(SUPPLIED RECORDS Opens)

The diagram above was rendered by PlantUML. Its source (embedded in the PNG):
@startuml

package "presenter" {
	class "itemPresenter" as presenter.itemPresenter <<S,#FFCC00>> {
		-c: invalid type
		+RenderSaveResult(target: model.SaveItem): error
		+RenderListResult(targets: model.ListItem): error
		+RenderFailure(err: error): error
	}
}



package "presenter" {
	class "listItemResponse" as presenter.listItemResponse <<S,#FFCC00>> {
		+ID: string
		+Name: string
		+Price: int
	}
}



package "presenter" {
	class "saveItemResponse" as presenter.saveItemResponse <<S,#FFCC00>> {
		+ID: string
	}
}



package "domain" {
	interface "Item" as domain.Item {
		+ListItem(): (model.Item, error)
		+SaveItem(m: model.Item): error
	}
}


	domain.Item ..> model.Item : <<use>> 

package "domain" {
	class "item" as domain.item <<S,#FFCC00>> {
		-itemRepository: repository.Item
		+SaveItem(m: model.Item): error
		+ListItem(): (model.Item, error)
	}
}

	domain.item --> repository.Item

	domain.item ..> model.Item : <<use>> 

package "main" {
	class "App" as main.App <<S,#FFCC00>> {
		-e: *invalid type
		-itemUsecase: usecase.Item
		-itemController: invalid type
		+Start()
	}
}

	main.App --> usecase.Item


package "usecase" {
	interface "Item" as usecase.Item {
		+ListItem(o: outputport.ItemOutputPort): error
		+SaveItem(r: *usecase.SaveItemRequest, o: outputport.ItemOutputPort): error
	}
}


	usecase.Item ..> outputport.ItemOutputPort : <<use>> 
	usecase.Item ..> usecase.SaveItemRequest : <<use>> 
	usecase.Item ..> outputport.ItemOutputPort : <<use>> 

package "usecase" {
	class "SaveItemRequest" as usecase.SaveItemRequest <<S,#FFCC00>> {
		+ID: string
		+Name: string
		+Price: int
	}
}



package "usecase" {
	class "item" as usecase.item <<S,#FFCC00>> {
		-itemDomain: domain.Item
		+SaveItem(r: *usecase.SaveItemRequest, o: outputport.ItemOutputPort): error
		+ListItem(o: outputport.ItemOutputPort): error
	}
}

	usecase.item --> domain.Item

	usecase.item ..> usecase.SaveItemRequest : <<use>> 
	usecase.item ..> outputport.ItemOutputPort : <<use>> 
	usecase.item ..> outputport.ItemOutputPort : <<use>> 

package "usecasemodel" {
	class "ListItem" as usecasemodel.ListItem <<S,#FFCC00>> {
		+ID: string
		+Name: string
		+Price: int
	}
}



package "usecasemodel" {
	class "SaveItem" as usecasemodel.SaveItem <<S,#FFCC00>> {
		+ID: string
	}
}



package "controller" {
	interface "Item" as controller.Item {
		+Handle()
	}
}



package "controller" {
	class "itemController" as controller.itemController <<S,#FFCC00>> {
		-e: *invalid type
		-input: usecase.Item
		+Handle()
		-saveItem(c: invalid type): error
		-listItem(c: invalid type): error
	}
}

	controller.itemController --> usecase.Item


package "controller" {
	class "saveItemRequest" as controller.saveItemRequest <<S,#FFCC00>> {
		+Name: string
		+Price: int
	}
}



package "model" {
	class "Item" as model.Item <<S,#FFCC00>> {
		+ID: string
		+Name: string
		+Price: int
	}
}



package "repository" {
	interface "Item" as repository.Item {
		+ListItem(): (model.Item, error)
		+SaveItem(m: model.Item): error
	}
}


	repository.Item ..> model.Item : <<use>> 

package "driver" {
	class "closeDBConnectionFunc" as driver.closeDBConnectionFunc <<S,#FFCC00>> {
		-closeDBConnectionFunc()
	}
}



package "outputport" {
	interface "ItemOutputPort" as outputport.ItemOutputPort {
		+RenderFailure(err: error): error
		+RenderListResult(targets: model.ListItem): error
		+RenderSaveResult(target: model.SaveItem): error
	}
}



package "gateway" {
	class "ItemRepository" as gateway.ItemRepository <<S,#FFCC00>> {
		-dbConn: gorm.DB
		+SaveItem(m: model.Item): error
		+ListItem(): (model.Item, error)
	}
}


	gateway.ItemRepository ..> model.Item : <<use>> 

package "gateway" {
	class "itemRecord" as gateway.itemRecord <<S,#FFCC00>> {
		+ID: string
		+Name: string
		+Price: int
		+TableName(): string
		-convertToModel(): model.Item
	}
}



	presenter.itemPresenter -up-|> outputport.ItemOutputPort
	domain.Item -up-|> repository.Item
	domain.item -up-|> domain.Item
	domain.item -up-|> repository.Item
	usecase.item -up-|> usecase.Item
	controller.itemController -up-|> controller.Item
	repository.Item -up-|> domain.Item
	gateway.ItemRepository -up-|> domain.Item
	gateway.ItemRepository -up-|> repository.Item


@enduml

(SUPPLIED RECORDS Closes)

§ TASK DETAILS:
Could you copy every record above exactly as written?

§ EXERCISE ANSWER:
The diagram above was rendered by PlantUML. Its source (embedded in the PNG):
@startuml

package "presenter" {
	class "itemPresenter" as presenter.itemPresenter <<S,#FFCC00>> {
		-c: invalid type
		+RenderSaveResult(target: model.SaveItem): error
		+RenderListResult(targets: model.ListItem): error
		+RenderFailure(err: error): error
	}
}



package "presenter" {
	class "listItemResponse" as presenter.listItemResponse <<S,#FFCC00>> {
		+ID: string
		+Name: string
		+Price: int
	}
}



package "presenter" {
	class "saveItemResponse" as presenter.saveItemResponse <<S,#FFCC00>> {
		+ID: string
	}
}



package "domain" {
	interface "Item" as domain.Item {
		+ListItem(): (model.Item, error)
		+SaveItem(m: model.Item): error
	}
}


	domain.Item ..> model.Item : <<use>> 

package "domain" {
	class "item" as domain.item <<S,#FFCC00>> {
		-itemRepository: repository.Item
		+SaveItem(m: model.Item): error
		+ListItem(): (model.Item, error)
	}
}

	domain.item --> repository.Item

	domain.item ..> model.Item : <<use>> 

package "main" {
	class "App" as main.App <<S,#FFCC00>> {
		-e: *invalid type
		-itemUsecase: usecase.Item
		-itemController: invalid type
		+Start()
	}
}

	main.App --> usecase.Item


package "usecase" {
	interface "Item" as usecase.Item {
		+ListItem(o: outputport.ItemOutputPort): error
		+SaveItem(r: *usecase.SaveItemRequest, o: outputport.ItemOutputPort): error
	}
}


	usecase.Item ..> outputport.ItemOutputPort : <<use>> 
	usecase.Item ..> usecase.SaveItemRequest : <<use>> 
	usecase.Item ..> outputport.ItemOutputPort : <<use>> 

package "usecase" {
	class "SaveItemRequest" as usecase.SaveItemRequest <<S,#FFCC00>> {
		+ID: string
		+Name: string
		+Price: int
	}
}



package "usecase" {
	class "item" as usecase.item <<S,#FFCC00>> {
		-itemDomain: domain.Item
		+SaveItem(r: *usecase.SaveItemRequest, o: outputport.ItemOutputPort): error
		+ListItem(o: outputport.ItemOutputPort): error
	}
}

	usecase.item --> domain.Item

	usecase.item ..> usecase.SaveItemRequest : <<use>> 
	usecase.item ..> outputport.ItemOutputPort : <<use>> 
	usecase.item ..> outputport.ItemOutputPort : <<use>> 

package "usecasemodel" {
	class "ListItem" as usecasemodel.ListItem <<S,#FFCC00>> {
		+ID: string
		+Name: string
		+Price: int
	}
}



package "usecasemodel" {
	class "SaveItem" as usecasemodel.SaveItem <<S,#FFCC00>> {
		+ID: string
	}
}



package "controller" {
	interface "Item" as controller.Item {
		+Handle()
	}
}



package "controller" {
	class "itemController" as controller.itemController <<S,#FFCC00>> {
		-e: *invalid type
		-input: usecase.Item
		+Handle()
		-saveItem(c: invalid type): error
		-listItem(c: invalid type): error
	}
}

	controller.itemController --> usecase.Item


package "controller" {
	class "saveItemRequest" as controller.saveItemRequest <<S,#FFCC00>> {
		+Name: string
		+Price: int
	}
}



package "model" {
	class "Item" as model.Item <<S,#FFCC00>> {
		+ID: string
		+Name: string
		+Price: int
	}
}



package "repository" {
	interface "Item" as repository.Item {
		+ListItem(): (model.Item, error)
		+SaveItem(m: model.Item): error
	}
}


	repository.Item ..> model.Item : <<use>> 

package "driver" {
	class "closeDBConnectionFunc" as driver.closeDBConnectionFunc <<S,#FFCC00>> {
		-closeDBConnectionFunc()
	}
}



package "outputport" {
	interface "ItemOutputPort" as outputport.ItemOutputPort {
		+RenderFailure(err: error): error
		+RenderListResult(targets: model.ListItem): error
		+RenderSaveResult(target: model.SaveItem): error
	}
}



package "gateway" {
	class "ItemRepository" as gateway.ItemRepository <<S,#FFCC00>> {
		-dbConn: gorm.DB
		+SaveItem(m: model.Item): error
		+ListItem(): (model.Item, error)
	}
}


	gateway.ItemRepository ..> model.Item : <<use>> 

package "gateway" {
	class "itemRecord" as gateway.itemRecord <<S,#FFCC00>> {
		+ID: string
		+Name: string
		+Price: int
		+TableName(): string
		-convertToModel(): model.Item
	}
}



	presenter.itemPresenter -up-|> outputport.ItemOutputPort
	domain.Item -up-|> repository.Item
	domain.item -up-|> domain.Item
	domain.item -up-|> repository.Item
	usecase.item -up-|> usecase.Item
	controller.itemController -up-|> controller.Item
	repository.Item -up-|> domain.Item
	gateway.ItemRepository -up-|> domain.Item
	gateway.ItemRepository -up-|> repository.Item


@enduml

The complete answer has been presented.